In an interaction with theweek.in, Singh acknowledged the journey was tough, and that football administration left a lot to be desired in India. He, however, reiterated his commitment to the club and academy. He also shared his thoughts on the standard of football in I-League and ISL. Excerpts:

Q/ How do you sum up your experience since taking over the team?

A/ It's a mixed bag because we had the Covid pandemic for almost two seasons. The academy could not function one year, and the second year, it was a stop-start affair because of Covid. We couldn't bring the team together. Even the I-League saw a compressed season. So, it is, in a way, the second true season of the academy. That said, from the academy's perspective, we have the first team playing in the I-League, we have the A-team, the reserve team, U-18, U-15 and U-13 teams. We came fifth in the I-League and the way we look at it, we have developed our youth. First team is a by-product of the developmental team. So, we don't focus on developing the first team; we focus on how much the youth teams can play in the first team. Last year, 5-7 of them were playing there.

Q/ How has the experience of working in Indian football ecosystem been?

A/ It's pretty bad. Infrastructure is not there in Punjab. We have had a terrible time trying to get the infrastructure there. I live in the US; every two minutes I can see a football field or tennis court. All of Punjab, I think, does not have football fields that I can find within 10-minute driving distance from my house. In Punjab, we are starving for infrastructure.

We have to have a competitive level of football and when you can't have the infrastructure, you can't get the rightly-trained performance coaches, injury management and physiologists. And, if you don't have a long-term approach, you cannot build sports. We want to change that.

Q/ Is it very frustrating at times?

A/ It's frustrating, but my take is, it is what it is; we can either be frustrated and give up or this is par for the course. It will take some time to get better and, hopefully, we can also get better and be the instrument of change. We can either complain this is not right or we can be part of change. We want to inspire people to change, set the bar high. But we are not shying away or walking away from it.

Q/ You bought a football team, but you could have bought an IPL team. What convinced you to get into football here?

A/ I went with football because my son is into it. He wanted to play and, in the process, we got into it quickly. I got into hockey because my father is a former international hockey coach – this was my way of acknowledging his work.

Q/ As a team owner, what's stopping football in India from growing and evolving the way it should be?

A/ I think the primary way India should look at football is youth development. ISL is great but it is entertainment; I-League is a very amateurish league, how can you uplift that?
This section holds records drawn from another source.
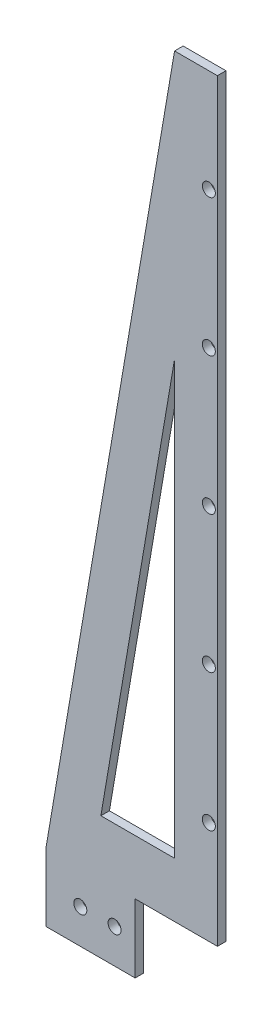
SolidWorks part; units mm, degrees
ref_plane "Front Plane" through (0, 0, 0) normal (0, 0, 1) x (1, 0, 0)
ref_plane "Top Plane" through (0, 0, 0) normal (0, 1, 0) x (1, 0, 0)
ref_plane "Right Plane" through (0, 0, 0) normal (1, 0, 0) x (0, 0, -1)
sketch "Sketch1" plane through (0, 0, 0) normal (0, 0, 1) x (1, 0, 0)
  line L0 (0, 0) -> (33.02, 0)
  line L1 (0, 0) -> (0, 25.4)
  line L2 (63.5, 25.4) -> (63.5, 304.8)
  line L3 (63.5, 304.8) -> (47.625, 304.8)
  line L4 (47.625, 304.8) -> (0, 25.4)
  line L5 (33.02, 0) -> (33.02, 25.4)
  line L6 (33.02, 25.4) -> (63.5, 25.4)
  line L7 (47.625, 205.9093) -> (47.625, 45.72)
  line L8 (47.625, 45.72) -> (20.32, 45.72)
  line L9 (20.32, 45.72) -> (47.625, 205.9093)
  circle A0 centre (12.7, 12.7) radius 2.413
  circle A1 centre (25.4, 12.7) radius 2.413
  circle A3 centre (60.325, 63.5) radius 2.413
  circle A4 centre (60.325, 114.3) radius 2.413
  circle A5 centre (60.325, 165.1) radius 2.413
  circle A6 centre (60.325, 215.9) radius 2.413
  circle A7 centre (60.325, 266.7) radius 2.413
  point P17 (0, 0)
  dimension "D10" = 12.7
  dimension "D11" = 12.7
  dimension "D12" = 4.826
  dimension "D13" = 4.826
  dimension "D14" = 12.7
  dimension "D15" = 7.62
  dimension "D16" = 12.7
  dimension "D17" = 4.826
  dimension "D18" = 38.1
  dimension "D1" = 279.4
  dimension "D2" = 25.4
  dimension "D3" = 33.02
  dimension "D4" = 15.875
  dimension "D5" = 30.48
  dimension "D6" = 25.4
  dimension "D7" = 20.32
  dimension "D8" = 20.32
  dimension "D9" = 180
  dimension "D19" = 5
extrude "Boss-Extrude1" add sketch "Sketch1" along normal blind 3.175 contours L9 L7 L8 | L0 L5 L6 L2 L3 L4 L1 | A0 | A1 | A4 | A3 | A6 | A5 | A7

Quality is not good.

I think football needs powers that be to come together and sit down and see how do you put together a programme that cultivates the youth. Bring in foreign players in ISL but youth power is key. We have a framework in India, but are we making it pan-India?

Q/ As a team owner, how do you overcome the challenges?

A/ We have a 20-year phase I programme. We have 150-plus kids, looking at youth development. We are focused on long-term development, UEFA-certified coaches, technically qualified staff, strong team for strength and conditioning, sports science food and nutrition.

Q/ What is your time frame for things to improve; to see RoundGlass become a champion side?

A/ We would love to be number one in I-League, and get promoted to ISL. But that, for me, is by-product of our programme. I am not focused on how to top I-League and get to ISL. My focus is to make it a strong team in country, and, in the process, win the I-League.

Q/ You have branched into other sports, too, like tennis and hockey.

A/ Football will always be the primary focus. It's just that we want to build infrastructure in sports and make India the powerhouse in hockey again. We should be a force to reckon with.